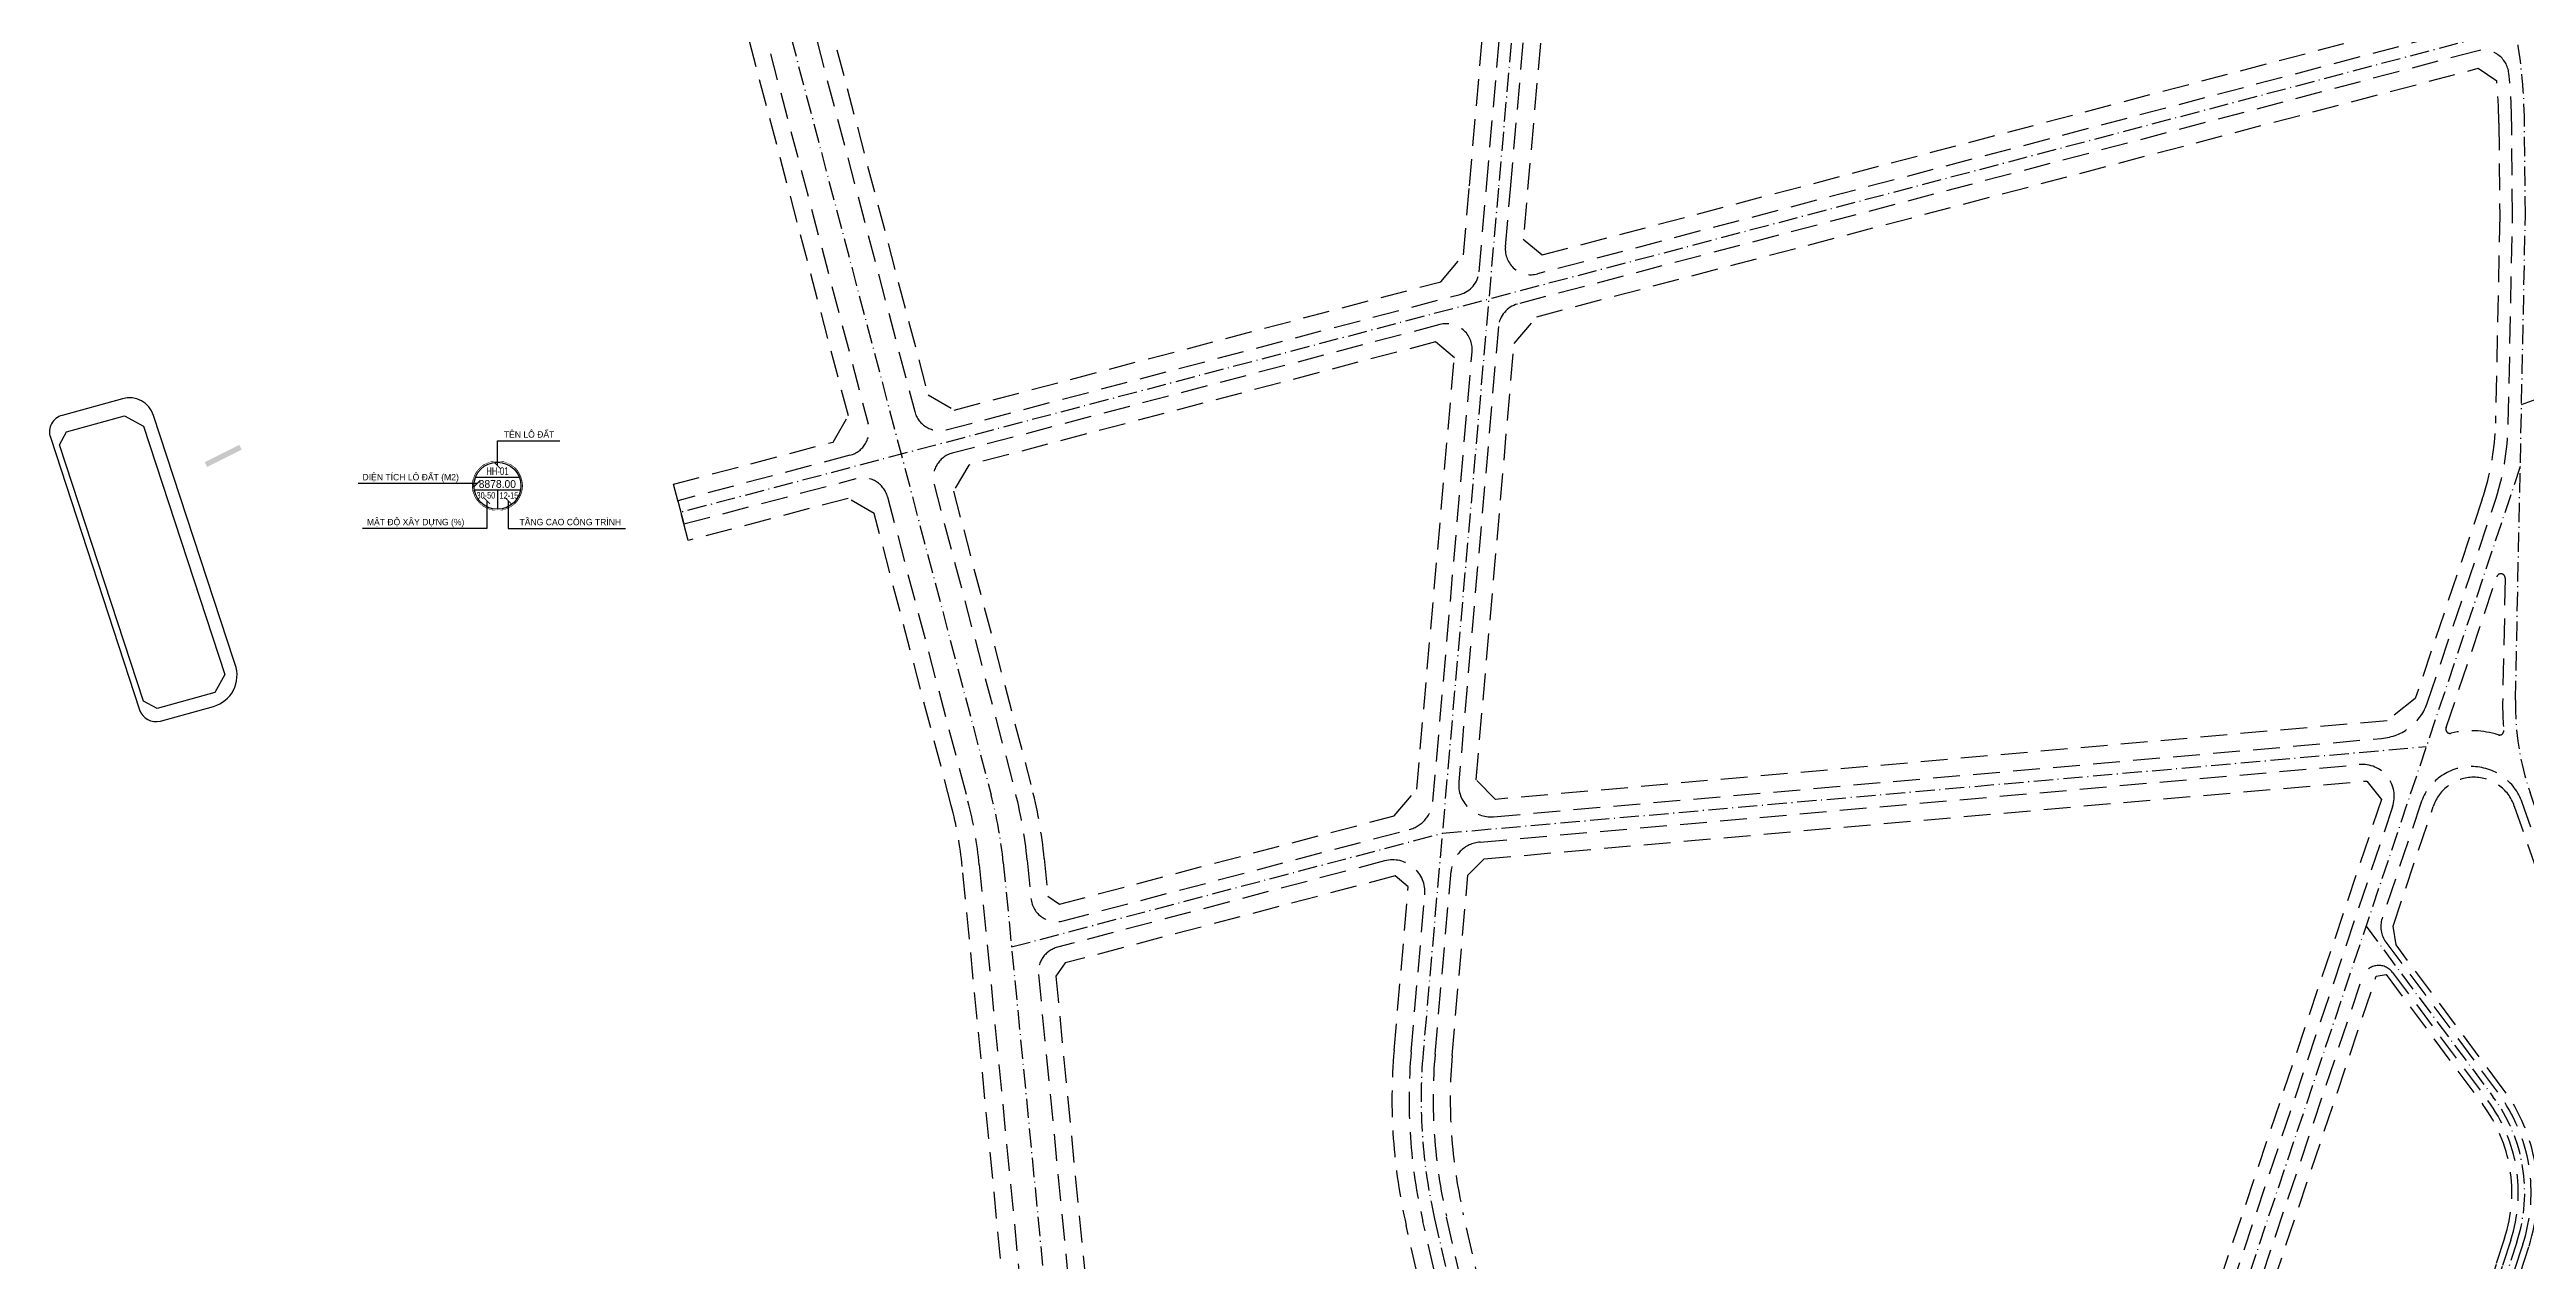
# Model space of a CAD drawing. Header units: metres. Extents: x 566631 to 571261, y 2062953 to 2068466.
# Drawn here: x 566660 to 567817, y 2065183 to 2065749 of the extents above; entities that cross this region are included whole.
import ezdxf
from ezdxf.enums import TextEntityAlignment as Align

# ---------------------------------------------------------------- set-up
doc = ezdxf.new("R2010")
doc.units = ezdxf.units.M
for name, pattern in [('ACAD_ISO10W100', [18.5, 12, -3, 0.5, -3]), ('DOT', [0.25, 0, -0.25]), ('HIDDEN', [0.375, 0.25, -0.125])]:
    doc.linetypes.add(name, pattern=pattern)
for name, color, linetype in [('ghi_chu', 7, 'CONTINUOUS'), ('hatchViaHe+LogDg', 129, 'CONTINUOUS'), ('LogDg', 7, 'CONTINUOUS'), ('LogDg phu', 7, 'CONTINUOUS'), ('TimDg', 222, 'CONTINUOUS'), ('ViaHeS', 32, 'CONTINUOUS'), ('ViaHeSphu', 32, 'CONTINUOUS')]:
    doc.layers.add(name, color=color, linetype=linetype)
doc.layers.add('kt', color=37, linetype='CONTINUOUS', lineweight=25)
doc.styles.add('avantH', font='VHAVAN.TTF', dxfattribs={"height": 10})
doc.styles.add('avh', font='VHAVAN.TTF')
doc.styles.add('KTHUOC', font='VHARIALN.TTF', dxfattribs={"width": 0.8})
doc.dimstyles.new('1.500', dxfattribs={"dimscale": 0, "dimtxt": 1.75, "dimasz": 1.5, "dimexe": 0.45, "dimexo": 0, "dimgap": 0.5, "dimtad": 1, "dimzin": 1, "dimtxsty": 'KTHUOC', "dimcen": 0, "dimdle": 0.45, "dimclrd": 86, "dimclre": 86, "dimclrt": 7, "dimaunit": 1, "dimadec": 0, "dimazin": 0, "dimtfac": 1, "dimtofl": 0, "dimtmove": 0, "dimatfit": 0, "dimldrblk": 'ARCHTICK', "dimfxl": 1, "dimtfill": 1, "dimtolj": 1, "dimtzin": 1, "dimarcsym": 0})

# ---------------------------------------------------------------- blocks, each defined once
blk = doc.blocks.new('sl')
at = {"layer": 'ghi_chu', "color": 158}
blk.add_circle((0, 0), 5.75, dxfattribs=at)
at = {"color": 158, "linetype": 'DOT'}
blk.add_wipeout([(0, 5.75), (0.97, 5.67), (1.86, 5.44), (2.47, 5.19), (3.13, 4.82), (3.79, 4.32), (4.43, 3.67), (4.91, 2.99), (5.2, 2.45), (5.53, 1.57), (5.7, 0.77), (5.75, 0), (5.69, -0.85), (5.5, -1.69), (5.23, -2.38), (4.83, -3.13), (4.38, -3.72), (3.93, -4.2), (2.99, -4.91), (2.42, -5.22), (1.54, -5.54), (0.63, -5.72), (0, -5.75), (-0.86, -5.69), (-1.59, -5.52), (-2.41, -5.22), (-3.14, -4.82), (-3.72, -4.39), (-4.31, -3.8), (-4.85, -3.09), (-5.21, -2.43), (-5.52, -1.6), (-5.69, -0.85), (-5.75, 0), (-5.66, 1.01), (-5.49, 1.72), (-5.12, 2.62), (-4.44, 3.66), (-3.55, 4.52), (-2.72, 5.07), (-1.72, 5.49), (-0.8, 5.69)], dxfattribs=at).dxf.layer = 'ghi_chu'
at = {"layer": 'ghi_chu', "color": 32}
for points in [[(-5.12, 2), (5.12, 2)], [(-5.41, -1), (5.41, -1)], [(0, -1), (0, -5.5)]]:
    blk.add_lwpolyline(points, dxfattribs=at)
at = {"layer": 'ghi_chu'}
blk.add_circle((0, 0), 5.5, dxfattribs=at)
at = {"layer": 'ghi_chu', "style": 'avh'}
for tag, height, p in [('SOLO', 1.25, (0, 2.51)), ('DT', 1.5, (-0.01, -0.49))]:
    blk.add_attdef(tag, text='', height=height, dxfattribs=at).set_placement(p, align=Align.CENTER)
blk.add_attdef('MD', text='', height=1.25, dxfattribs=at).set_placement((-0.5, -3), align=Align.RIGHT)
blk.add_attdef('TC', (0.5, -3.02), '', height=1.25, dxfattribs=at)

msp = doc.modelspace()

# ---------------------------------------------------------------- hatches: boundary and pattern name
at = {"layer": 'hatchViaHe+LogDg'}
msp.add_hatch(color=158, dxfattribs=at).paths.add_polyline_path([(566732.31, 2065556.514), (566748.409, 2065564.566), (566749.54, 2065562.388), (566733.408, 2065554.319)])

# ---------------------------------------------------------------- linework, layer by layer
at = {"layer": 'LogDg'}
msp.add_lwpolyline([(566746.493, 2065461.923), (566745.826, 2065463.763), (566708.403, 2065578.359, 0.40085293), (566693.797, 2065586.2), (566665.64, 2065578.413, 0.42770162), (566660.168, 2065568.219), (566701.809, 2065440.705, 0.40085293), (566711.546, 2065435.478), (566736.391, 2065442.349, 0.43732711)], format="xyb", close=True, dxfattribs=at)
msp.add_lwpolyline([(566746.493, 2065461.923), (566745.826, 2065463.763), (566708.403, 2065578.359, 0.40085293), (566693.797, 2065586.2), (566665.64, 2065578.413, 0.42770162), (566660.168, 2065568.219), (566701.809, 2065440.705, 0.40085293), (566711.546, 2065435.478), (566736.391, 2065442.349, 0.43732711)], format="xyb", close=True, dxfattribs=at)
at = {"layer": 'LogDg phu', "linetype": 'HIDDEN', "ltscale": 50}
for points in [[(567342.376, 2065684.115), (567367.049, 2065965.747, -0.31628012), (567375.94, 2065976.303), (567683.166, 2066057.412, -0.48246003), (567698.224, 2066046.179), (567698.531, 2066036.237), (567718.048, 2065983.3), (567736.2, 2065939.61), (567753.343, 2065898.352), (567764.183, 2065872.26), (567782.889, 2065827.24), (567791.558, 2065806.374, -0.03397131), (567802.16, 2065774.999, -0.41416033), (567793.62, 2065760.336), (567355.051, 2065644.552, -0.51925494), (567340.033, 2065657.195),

#### Problem details:
Return all the records exactly. Skip the pictures.

#### Output below:
# Model space of a CAD drawing. Header units: metres. Extents: x 566631 to 571261, y 2062953 to 2068466.
# Drawn here: x 566660 to 567817, y 2065183 to 2065749 of the extents above; entities that cross this region are included whole.
import ezdxf
from ezdxf.enums import TextEntityAlignment as Align

# ---------------------------------------------------------------- set-up
doc = ezdxf.new("R2010")
doc.units = ezdxf.units.M
for name, pattern in [('ACAD_ISO10W100', [18.5, 12, -3, 0.5, -3]), ('DOT', [0.25, 0, -0.25]), ('HIDDEN', [0.375, 0.25, -0.125])]:
    doc.linetypes.add(name, pattern=pattern)
for name, color, linetype in [('ghi_chu', 7, 'CONTINUOUS'), ('hatchViaHe+LogDg', 129, 'CONTINUOUS'), ('LogDg', 7, 'CONTINUOUS'), ('LogDg phu', 7, 'CONTINUOUS'), ('TimDg', 222, 'CONTINUOUS'), ('ViaHeS', 32, 'CONTINUOUS'), ('ViaHeSphu', 32, 'CONTINUOUS')]:
    doc.layers.add(name, color=color, linetype=linetype)
doc.layers.add('kt', color=37, linetype='CONTINUOUS', lineweight=25)
doc.styles.add('avantH', font='VHAVAN.TTF', dxfattribs={"height": 10})
doc.styles.add('avh', font='VHAVAN.TTF')
doc.styles.add('KTHUOC', font='VHARIALN.TTF', dxfattribs={"width": 0.8})
doc.dimstyles.new('1.500', dxfattribs={"dimscale": 0, "dimtxt": 1.75, "dimasz": 1.5, "dimexe": 0.45, "dimexo": 0, "dimgap": 0.5, "dimtad": 1, "dimzin": 1, "dimtxsty": 'KTHUOC', "dimcen": 0, "dimdle": 0.45, "dimclrd": 86, "dimclre": 86, "dimclrt": 7, "dimaunit": 1, "dimadec": 0, "dimazin": 0, "dimtfac": 1, "dimtofl": 0, "dimtmove": 0, "dimatfit": 0, "dimldrblk": 'ARCHTICK', "dimfxl": 1, "dimtfill": 1, "dimtolj": 1, "dimtzin": 1, "dimarcsym": 0})

# ---------------------------------------------------------------- blocks, each defined once
blk = doc.blocks.new('sl')
at = {"layer": 'ghi_chu', "color": 158}
blk.add_circle((0, 0), 5.75, dxfattribs=at)
at = {"color": 158, "linetype": 'DOT'}
blk.add_wipeout([(0, 5.75), (0.97, 5.67), (1.86, 5.44), (2.47, 5.19), (3.13, 4.82), (3.79, 4.32), (4.43, 3.67), (4.91, 2.99), (5.2, 2.45), (5.53, 1.57), (5.7, 0.77), (5.75, 0), (5.69, -0.85), (5.5, -1.69), (5.23, -2.38), (4.83, -3.13), (4.38, -3.72), (3.93, -4.2), (2.99, -4.91), (2.42, -5.22), (1.54, -5.54), (0.63, -5.72), (0, -5.75), (-0.86, -5.69), (-1.59, -5.52), (-2.41, -5.22), (-3.14, -4.82), (-3.72, -4.39), (-4.31, -3.8), (-4.85, -3.09), (-5.21, -2.43), (-5.52, -1.6), (-5.69, -0.85), (-5.75, 0), (-5.66, 1.01), (-5.49, 1.72), (-5.12, 2.62), (-4.44, 3.66), (-3.55, 4.52), (-2.72, 5.07), (-1.72, 5.49), (-0.8, 5.69)], dxfattribs=at).dxf.layer = 'ghi_chu'
at = {"layer": 'ghi_chu', "color": 32}
for points in [[(-5.12, 2), (5.12, 2)], [(-5.41, -1), (5.41, -1)], [(0, -1), (0, -5.5)]]:
    blk.add_lwpolyline(points, dxfattribs=at)
at = {"layer": 'ghi_chu'}
blk.add_circle((0, 0), 5.5, dxfattribs=at)
at = {"layer": 'ghi_chu', "style": 'avh'}
for tag, height, p in [('SOLO', 1.25, (0, 2.51)), ('DT', 1.5, (-0.01, -0.49))]:
    blk.add_attdef(tag, text='', height=height, dxfattribs=at).set_placement(p, align=Align.CENTER)
blk.add_attdef('MD', text='', height=1.25, dxfattribs=at).set_placement((-0.5, -3), align=Align.RIGHT)
blk.add_attdef('TC', (0.5, -3.02), '', height=1.25, dxfattribs=at)

msp = doc.modelspace()

# ---------------------------------------------------------------- hatches: boundary and pattern name
at = {"layer": 'hatchViaHe+LogDg'}
msp.add_hatch(color=158, dxfattribs=at).paths.add_polyline_path([(566732.31, 2065556.514), (566748.409, 2065564.566), (566749.54, 2065562.388), (566733.408, 2065554.319)])

# ---------------------------------------------------------------- linework, layer by layer
at = {"layer": 'LogDg'}
msp.add_lwpolyline([(566746.493, 2065461.923), (566745.826, 2065463.763), (566708.403, 2065578.359, 0.40085293), (566693.797, 2065586.2), (566665.64, 2065578.413, 0.42770162), (566660.168, 2065568.219), (566701.809, 2065440.705, 0.40085293), (566711.546, 2065435.478), (566736.391, 2065442.349, 0.43732711)], format="xyb", close=True, dxfattribs=at)
msp.add_lwpolyline([(566746.493, 2065461.923), (566745.826, 2065463.763), (566708.403, 2065578.359, 0.40085293), (566693.797, 2065586.2), (566665.64, 2065578.413, 0.42770162), (566660.168, 2065568.219), (566701.809, 2065440.705, 0.40085293), (566711.546, 2065435.478), (566736.391, 2065442.349, 0.43732711)], format="xyb", close=True, dxfattribs=at)
at = {"layer": 'LogDg phu', "linetype": 'HIDDEN', "ltscale": 50}
for points in [[(567342.376, 2065684.115), (567367.049, 2065965.747, -0.31628012), (567375.94, 2065976.303), (567683.166, 2066057.412, -0.48246003), (567698.224, 2066046.179), (567698.531, 2066036.237), (567718.048, 2065983.3), (567736.2, 2065939.61), (567753.343, 2065898.352), (567764.183, 2065872.26), (567782.889, 2065827.24), (567791.558, 2065806.374, -0.03397131), (567802.16, 2065774.999, -0.41416033), (567793.62, 2065760.336), (567355.051, 2065644.552, -0.51925494), (567340.033, 2065657.195),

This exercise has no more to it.